» Required action
All that is wanted is the exact lines from the first line of the data below through the line with "(3812.35, 2148.72), dxfattribs=at)", both ends included, with pictures omitted.

» Source material
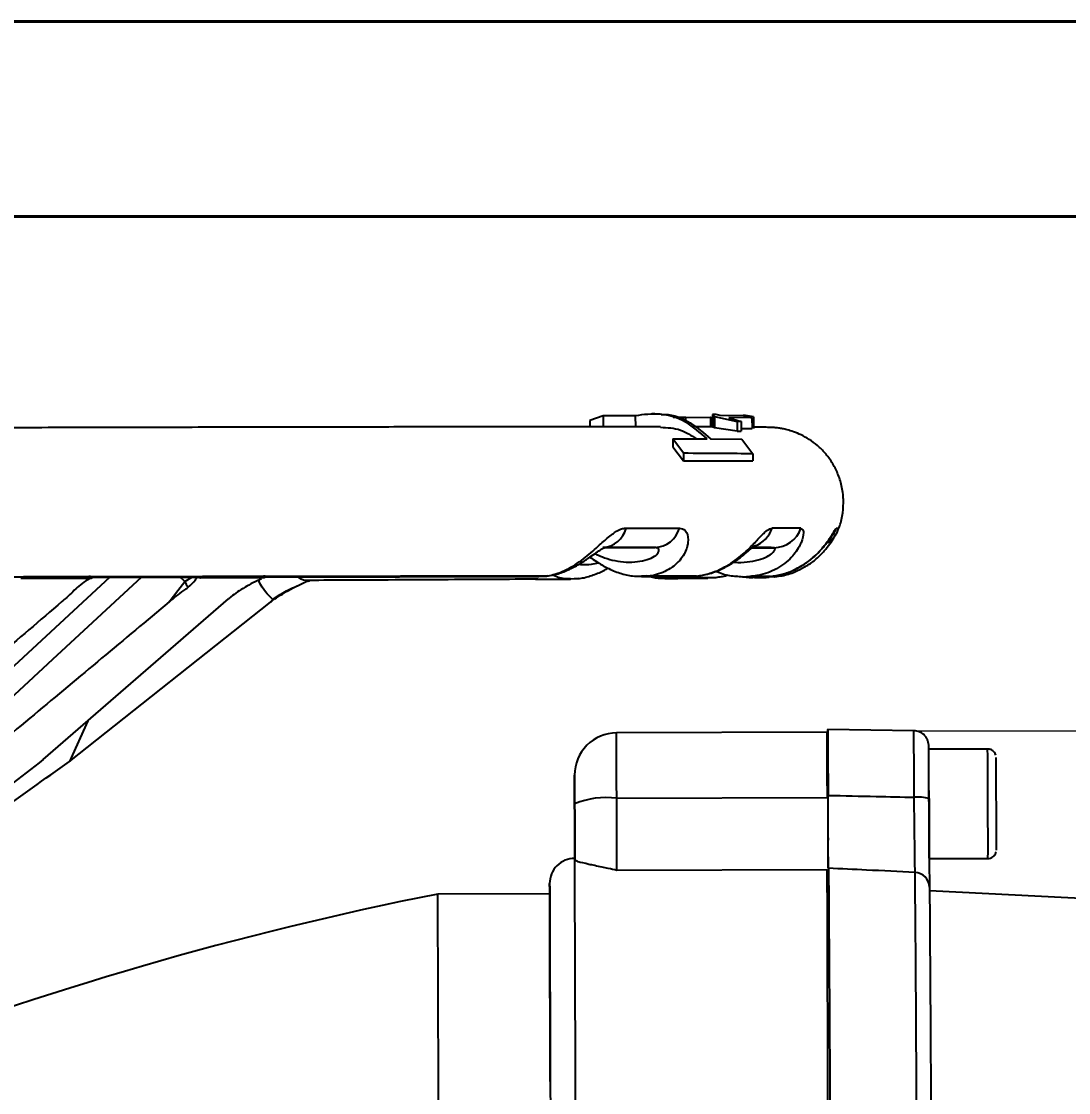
# Model space of a CAD drawing. Header units: millimetres. Extents: x 2104 to 4053, y 855 to 2233.
# Drawn here: x 3514.5 to 3638.9, y 2105.7 to 2233 of the extents above; entities that cross this region are included whole.
import ezdxf

# ---------------------------------------------------------------- set-up
doc = ezdxf.new("R2010")
doc.units = ezdxf.units.MM
for name, color, linetype, lineweight in [('AM_BOR', 7, 'Continuous', 50), ('标注', 3, 'Continuous', 13), ('粗实线', 7, 'Continuous', 40)]:
    doc.layers.add(name, color=color, linetype=linetype, lineweight=lineweight)
doc.styles.add('SLDTEXTSTYLE1', font='txt.shx', dxfattribs={"width": 0.7, "bigfont": 'gbcbig.shx'})
doc.dimstyles.new('SLDDIMSTYLE12$0', dxfattribs={"dimtxt": 12, "dimasz": 10, "dimexe": 0, "dimexo": 0.0625, "dimgap": 0.875, "dimtad": 1, "dimdec": 1, "dimlfac": 1.8, "dimrnd": 1e-09, "dimzin": 12, "dimdsep": 46, "dimtxsty": 'SLDTEXTSTYLE1', "dimcen": 0.09, "dimdle": 8.16, "dimclrd": 3, "dimclre": 3, "dimadec": 0, "dimazin": 3, "dimtfac": 1, "dimtdec": 1, "dimtofl": 0, "dimtmove": 0, "dimatfit": 3, "dimfxl": 0, "dimfrac": 2, "dimtolj": 1, "dimlwd": 5, "dimlwe": 5, "dimarcsym": 0})

# ---------------------------------------------------------------- blocks, each defined once
blk = doc.blocks.new('*D75')
at = {"layer": 'Defpoints', "color": 0, "transparency": 16777216}
for p in [(3620.54, 2148.72), (3610.92, 1920.69), (3812.35, 1920.69)]:
    blk.add_point(p, dxfattribs=at)
at = {"layer": '标注', "color": 3, "lineweight": 5, "transparency": 16777216}
blk.add_line((3620.61, 2148.72), (3812.35, 2148.72), dxfattribs=at)
at = {"layer": '标注', "color": 3, "linetype": 'Continuous', "lineweight": 5, "transparency": 16777216}
for p, q in [((3812.35, 2138.72), (3812.35, 1930.69)), ((3610.98, 1920.69), (3812.35, 1920.69))]:
    blk.add_line(p, q, dxfattribs=at)
at = {"layer": '标注', "color": 3, "transparency": 16777216}
for points in [[(3810.68, 2138.72), (3814.01, 2138.72), (3812.35, 2148.72)], [(3810.68, 1930.69), (3814.01, 1930.69), (3812.35, 1920.69)]]:
    blk.add_solid(points, dxfattribs=at)
at = {"layer": '标注', "color": 0, "transparency": 16777216, "insert": (3806.47, 2034.7), "char_height": 10, "attachment_point": 5, "rotation": 90, "style": 'SLDTEXTSTYLE1'}
blk.add_mtext('\\A1;230', dxfattribs=at)
blk = doc.blocks.new('rA3')
at = {"layer": '粗实线'}
for p, q in [((753.384, 421.26), (333.384, 421.26)), ((748.384, 416.26), (358.384, 416.26))]:
    blk.add_line(p, q, dxfattribs=at)

msp = doc.modelspace()

# ---------------------------------------------------------------- linework, layer by layer
at = {"color": 7, "linetype": 'Continuous', "lineweight": 25}
for p, q in [((3583.632, 2186.16), (3582.035, 2185.59)), ((3582.035, 2185.59), (3582.038, 2184.843)), ((3587.438, 2186.161), (3583.632, 2186.16)), ((3583.632, 2186.16), (3583.636, 2184.843)), ((3587.438, 2186.161), (3587.442, 2184.842)), ((3591.932, 2185.982), (3593.391, 2185.995)), ((3593.391, 2185.995), (3592.634, 2185.748)), ((3593.391, 2185.995), (3593.392, 2185.495)), ((3596.378, 2185.952), (3593.391, 2185.931)), ((3596.378, 2185.952), (3596.382, 2184.83)), ((3596.603, 2185.875), (3596.378, 2185.952)), ((3596.601, 2186.325), (3596.859, 2186.052)), ((3597.063, 2186.323), (3596.601, 2186.325)), ((3596.601, 2186.325), (3596.606, 2184.827)), ((3596.859, 2186.052), (3599.554, 2185.481)), ((3596.859, 2186.052), (3596.863, 2184.725)), ((3597.532, 2186.184), (3597.063, 2186.323)), ((3600.302, 2186.169), (3597.532, 2186.184)), ((3601.306, 2185.921), (3598.555, 2185.939)), ((3598.555, 2185.939), (3598.587, 2185.93)), ((3598.587, 2185.93), (3600.019, 2185.479)), ((3600.019, 2185.479), (3599.554, 2185.481)), ((3599.554, 2185.481), (3599.558, 2184.311)), ((3600.019, 2185.479), (3600.023, 2184.31)), ((3601.502, 2186.015), (3600.283, 2186.211)), ((3600.302, 2186.169), (3601.306, 2185.921)), ((3601.306, 2185.921), (3601.31, 2184.639)), ((3601.502, 2186.015), (3601.506, 2184.651)), ((3596.863, 2184.725), (3596.634, 2184.816)), ((3599.558, 2184.311), (3596.863, 2184.725)), ((3599.558, 2184.311), (3600.023, 2184.31)), ((3600.022, 2184.645), (3601.31, 2184.639)), ((3593.151, 2181.697), (3591.906, 2183.432)), ((3591.906, 2183.432), (3595.967, 2183.414)), ((3591.906, 2183.432), (3591.909, 2182.477)), ((3596.371, 2183.412), (3600.083, 2183.393)), ((3600.083, 2183.393), (3601.399, 2181.641)), ((3591.909, 2182.477), (3593.153, 2180.809)), ((3593.151, 2181.697), (3593.153, 2180.809)), ((3601.399, 2181.641), (3601.401, 2180.8)), ((3583.795, 2170.476), (3589.783, 2170.501)), ((3601.336, 2170.468), (3603.906, 2170.478)), ((3505.9, 2149.308), (3525.014, 2167.001)), ((3522.503, 2167.034), (3515.282, 2167.017)), ((3515.282, 2167.017), (3515.335, 2166.874)), ((3515.335, 2166.874), (3522.276, 2166.896)), ((3522.276, 2166.896), (3522.503, 2167.034)), ((3522.967, 2166.985), (3522.774, 2166.866)), ((3533.883, 2166.466), (3533.315, 2167.021)), ((3533.883, 2166.466), (3534.805, 2167.016)), ((3535.788, 2166.897), (3535.799, 2167.015)), ((3535.788, 2166.897), (3543.367, 2166.914)), ((3543.233, 2167.077), (3536.645, 2167.064)), ((3536.645, 2167.064), (3536.655, 2166.939)), ((3536.655, 2166.939), (3543.021, 2166.956)), ((3543.021, 2166.956), (3543.233, 2167.076)), ((3543.573, 2167.032), (3543.367, 2166.914)), ((3548.591, 2166.498), (3548.802, 2166.616)), ((3548.649, 2166.589), (3548.591, 2166.498)), ((3576.448, 2167.081), (3576.72, 2167.083)), ((3576.72, 2167.083), (3577.047, 2167.12)), ((3577.047, 2167.12), (3576.802, 2167.093)), ((3579.791, 2166.774), (3580.55, 2166.815)), ((3580.188, 2166.795), (3580.514, 2166.797)), ((3580.741, 2166.826), (3580.43, 2166.787)), ((3580.514, 2166.797), (3580.741, 2166.826)), ((3588.971, 2167.087), (3588.171, 2167.081)), ((3588.823, 2167.121), (3588.971, 2167.087)), ((3589.049, 2167.096), (3588.823, 2167.121)), ((3588.971, 2167.087), (3594.646, 2167.082)), ((3594.727, 2167.091), (3589.049, 2167.096)), ((3594.646, 2167.082), (3594.854, 2167.114)), ((3596.844, 2166.907), (3596.056, 2166.902)), ((3597.034, 2166.94), (3596.844, 2166.907)), ((3596.895, 2166.944), (3597.212, 2166.984)), ((3596.926, 2166.916), (3597.034, 2166.94)), ((3600.206, 2167.053), (3600.519, 2167.019)), ((3601.234, 2167.093), (3601.268, 2167.062)), ((3601.346, 2167.071), (3601.234, 2167.093)), ((3603.954, 2167.001), (3603.336, 2166.996)), ((3603.42, 2167.043), (3603.45, 2167.053)), ((3604.03, 2167.032), (3603.954, 2167.001)), ((3603.972, 2167.008), (3604.033, 2167.01)), ((3604.033, 2167.01), (3604.03, 2167.032)), ((3517.077, 2145.311), (3539.082, 2164.388)), ((3520.17, 2145.067), (3544.077, 2163.996)), ((3539.359, 2164.632), (3539.082, 2164.388)), ((3544.077, 2163.996), (3544.35, 2164.332)), ((3544.077, 2163.996), (3544.375, 2164.235)), ((3522.364, 2149.894), (3520.17, 2145.067)), ((3610.202, 2148.542), (3585.202, 2148.463)), ((3620.543, 2148.717), (3610.311, 2148.864)), ((3629.318, 2146.533), (3622.318, 2146.511)), ((3630.271, 2145.818), (3630.197, 2146.015)), ((3610.329, 2143.973), (3610.216, 2143.973)), ((3585.227, 2140.698), (3610.226, 2140.777)), ((3610.242, 2135.973), (3610.354, 2135.973)), ((3622.359, 2133.511), (3629.359, 2133.533)), ((3610.253, 2132.198), (3585.254, 2132.119)), ((3610.362, 2132.068), (3610.258, 2132.1)), ((3577.262, 2129.343), (3563.968, 2129.301)), ((3773.65, 2122.223), (3622.404, 2129.672))]:
    msp.add_line(p, q, dxfattribs=at)
at = {"color": 7, "linetype": 'Continuous', "lineweight": 25, "flags": 128}
for points in [[(3586.353, 2172.805), (3587.191, 2172.806), (3588.015, 2172.806), (3588.826, 2172.806), (3589.625, 2172.806), (3590.41, 2172.806), (3591.182, 2172.806), (3591.94, 2172.806), (3592.686, 2172.806)], [(3589.783, 2170.501), (3589.054, 2170.501), (3588.312, 2170.501), (3587.557, 2170.501), (3586.789, 2170.501), (3586.008, 2170.501), (3585.215, 2170.501), (3584.409, 2170.5), (3583.59, 2170.5)], [(3528.726, 2166.972), (3518.154, 2157.179), (3507.898, 2147.683)], [(3532.031, 2164.03), (3533.068, 2165.394), (3533.883, 2166.466)], [(3585.227, 2140.698), (3585.221, 2142.483), (3585.216, 2144.144), (3585.211, 2145.61), (3585.207, 2146.82), (3585.204, 2147.722), (3585.203, 2148.277), (3585.202, 2148.463)], [(3610.313, 2143.973), (3610.311, 2144.516), (3610.309, 2145.991), (3610.307, 2147.208), (3610.307, 2148.116), (3610.308, 2148.676), (3610.311, 2148.864), (3610.315, 2148.671), (3610.319, 2148.107), (3610.325, 2147.195), (3610.331, 2145.974), (3610.338, 2144.496), (3610.344, 2142.826), (3610.351, 2141.033)], [(3622.342, 2136.011), (3622.345, 2135.565), (3622.35, 2134.592), (3622.354, 2133.91), (3622.358, 2133.557), (3622.36, 2133.553), (3622.362, 2133.896), (3622.362, 2134.569), (3622.361, 2135.536), (3622.359, 2136.743), (3622.355, 2138.127), (3622.351, 2139.613), (3622.346, 2141.12), (3622.341, 2142.567), (3622.336, 2143.876), (3622.33, 2144.977), (3622.326, 2145.81), (3622.324, 2146.071)], [(3610.352, 2135.723), (3610.354, 2135.911), (3610.354, 2136.459), (3610.353, 2137.319), (3610.35, 2138.416), (3610.347, 2139.65), (3610.343, 2140.914), (3610.338, 2142.094), (3610.334, 2143.085), (3610.33, 2143.8), (3610.327, 2144.175), (3610.324, 2144.177), (3610.324, 2143.973)], [(3585.254, 2132.119), (3585.252, 2132.513), (3585.25, 2133.145), (3585.248, 2134), (3585.244, 2135.056), (3585.24, 2136.287), (3585.236, 2137.661), (3585.231, 2139.144), (3585.227, 2140.698)], [(3610.349, 2135.973), (3610.349, 2135.914), (3610.352, 2135.723)], [(3580.25, 2133.349), (3580.249, 2133.438), (3580.249, 2133.501), (3580.249, 2133.537), (3580.249, 2133.547)], [(3580.34, 2104.683), (3580.327, 2108.747), (3580.315, 2112.545), (3580.304, 2116.061), (3580.294, 2119.284), (3580.285, 2122.202), (3580.277, 2124.805), (3580.27, 2127.082), (3580.263, 2129.026), (3580.258, 2130.63), (3580.254, 2131.888), (3580.251, 2132.795), (3580.25, 2133.349)], [(3610.392, 2132.371), (3610.406, 2131.139), (3610.421, 2129.546), (3610.437, 2127.599), (3610.454, 2125.305), (3610.472, 2122.672), (3610.49, 2119.71), (3610.509, 2116.43), (3610.529, 2112.846), (3610.549, 2108.969), (3610.569, 2104.815), (3610.59, 2100.399), (3610.612, 2095.738), (3610.633, 2090.849), (3610.655, 2085.75), (3610.677, 2080.462), (3610.698, 2075.003), (3610.72, 2069.393), (3610.741, 2063.655), (3610.762, 2057.809), (3610.783, 2051.878)], [(3621.077, 2051.789), (3621.056, 2057.691), (3621.035, 2063.508), (3621.014, 2069.219), (3620.992, 2074.8), (3620.971, 2080.233), (3620.949, 2085.496), (3620.928, 2090.569), (3620.906, 2095.434), (3620.885, 2100.072), (3620.864, 2104.466), (3620.844, 2108.6), (3620.824, 2112.457), (3620.804, 2116.023), (3620.785, 2119.286), (3620.767, 2122.232), (3620.749, 2124.851), (3620.732, 2127.133), (3620.716, 2129.07), (3620.702, 2130.653), (3620.688, 2131.877)], [(3564.051, 2102.985), (3564.039, 2106.869), (3564.027, 2110.482), (3564.017, 2113.809), (3564.007, 2116.839), (3563.999, 2119.56), (3563.991, 2121.962), (3563.985, 2124.036), (3563.979, 2125.774), (3563.975, 2127.171), (3563.971, 2128.22), (3563.969, 2128.917), (3563.968, 2129.262), (3563.968, 2129.301)], [(3577.339, 2105.097), (3577.327, 2108.833), (3577.316, 2112.292), (3577.306, 2115.459), (3577.297, 2118.325), (3577.289, 2120.877), (3577.282, 2123.108), (3577.276, 2125.007), (3577.271, 2126.569), (3577.267, 2127.787), (3577.264, 2128.657), (3577.263, 2129.176), (3577.262, 2129.343)], [(3622.398, 2130.112), (3622.412, 2128.91), (3622.427, 2127.356), (3622.442, 2125.455), (3622.459, 2123.215), (3622.476, 2120.644), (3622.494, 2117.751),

» Response for this exercise
# Model space of a CAD drawing. Header units: millimetres. Extents: x 2104 to 4053, y 855 to 2233.
# Drawn here: x 3514.5 to 3638.9, y 2105.7 to 2233 of the extents above; entities that cross this region are included whole.
import ezdxf

# ---------------------------------------------------------------- set-up
doc = ezdxf.new("R2010")
doc.units = ezdxf.units.MM
for name, color, linetype, lineweight in [('AM_BOR', 7, 'Continuous', 50), ('标注', 3, 'Continuous', 13), ('粗实线', 7, 'Continuous', 40)]:
    doc.layers.add(name, color=color, linetype=linetype, lineweight=lineweight)
doc.styles.add('SLDTEXTSTYLE1', font='txt.shx', dxfattribs={"width": 0.7, "bigfont": 'gbcbig.shx'})
doc.dimstyles.new('SLDDIMSTYLE12$0', dxfattribs={"dimtxt": 12, "dimasz": 10, "dimexe": 0, "dimexo": 0.0625, "dimgap": 0.875, "dimtad": 1, "dimdec": 1, "dimlfac": 1.8, "dimrnd": 1e-09, "dimzin": 12, "dimdsep": 46, "dimtxsty": 'SLDTEXTSTYLE1', "dimcen": 0.09, "dimdle": 8.16, "dimclrd": 3, "dimclre": 3, "dimadec": 0, "dimazin": 3, "dimtfac": 1, "dimtdec": 1, "dimtofl": 0, "dimtmove": 0, "dimatfit": 3, "dimfxl": 0, "dimfrac": 2, "dimtolj": 1, "dimlwd": 5, "dimlwe": 5, "dimarcsym": 0})

# ---------------------------------------------------------------- blocks, each defined once
blk = doc.blocks.new('*D75')
at = {"layer": 'Defpoints', "color": 0, "transparency": 16777216}
for p in [(3620.54, 2148.72), (3610.92, 1920.69), (3812.35, 1920.69)]:
    blk.add_point(p, dxfattribs=at)
at = {"layer": '标注', "color": 3, "lineweight": 5, "transparency": 16777216}
blk.add_line((3620.61, 2148.72), (3812.35, 2148.72), dxfattribs=at)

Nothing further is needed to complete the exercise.